WHAT TO WORK ON: Scan the data. Collect each line that contains the word "drawing".

GIVEN DATA:

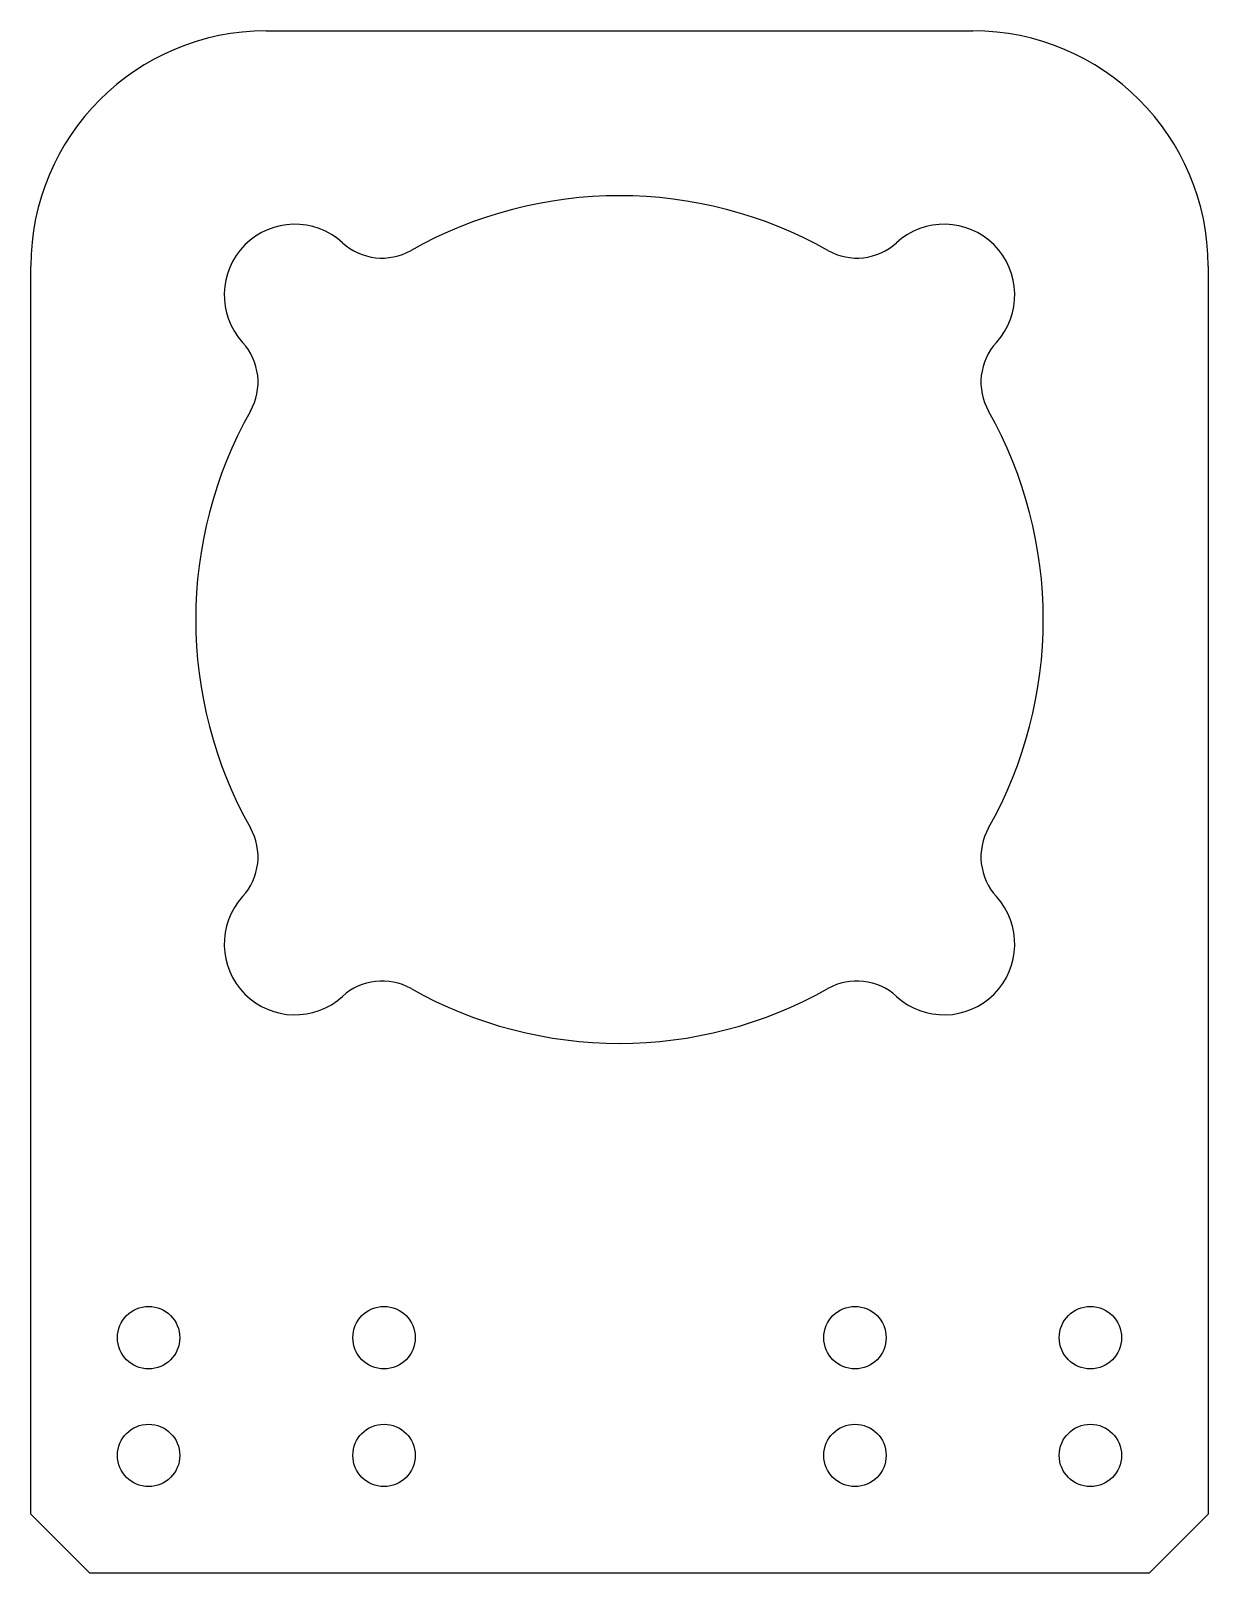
# Model space of a CAD drawing. Extents: x 100 to 200, y -30 to 101.
import ezdxf

# ---------------------------------------------------------------- set-up
doc = ezdxf.new("R2010")
doc.units = 0
doc.layers.add('Shape2DView001', color=7, linetype='CONTINUOUS')

msp = doc.modelspace()

# ---------------------------------------------------------------- linework, layer by layer
at = {"layer": 'Shape2DView001'}
for p, q in [((120, 101), (180, 101)), ((100, -25), (100, 81)), ((200, 81), (200, -25)), ((100, -25), (105, -30)), ((200, -25), (195, -30)), ((195, -30), (105, -30))]:
    msp.add_line(p, q, dxfattribs=at)
for centre in [(110, -10), (130, -10), (170, -10), (190, -10), (110, -20), (130, -20), (170, -20), (190, -20)]:
    msp.add_circle(centre, 2.65, dxfattribs=at)
for centre, radius, start, end in [((120, 81), 20, 90, 180), ((180, 81), 20, 0, 90), ((150, 51), 36, 60.5462, 119.454), ((122.423, 78.5772), 6, 47.6053, -137.605), ((177.577, 78.5772), 6, -42.3947, 132.395), ((129.839, 86.7009), 5, -132.395, -60.5462), ((170.161, 86.7009), 5, -119.454, -47.6053), ((114.299, 71.1606), 5, -29.4538, 42.3947), ((185.701, 71.1606), 5, 137.605, -150.546), ((150, 51), 36, 150.546, -150.546), ((150, 51), 36, -29.4538, 29.4538), ((114.299, 30.8394), 5, -42.3947, 29.4538), ((185.701, 30.8394), 5, 150.546, -137.605), ((122.423, 23.4228), 6, 137.605, -47.6053), ((177.577, 23.4228), 6, -132.395, 42.3947), ((129.839, 15.2991), 5, 60.5462, 132.395), ((150, 51), 36, -119.454, -60.5462), ((170.161, 15.2991), 5, 47.6053, 119.454)]:
    msp.add_arc(centre, radius, start, end, dxfattribs=at)

doc.saveas('drawing.dxf')

ANSWER:
# Model space of a CAD drawing. Extents: x 100 to 200, y -30 to 101.
doc.saveas('drawing.dxf')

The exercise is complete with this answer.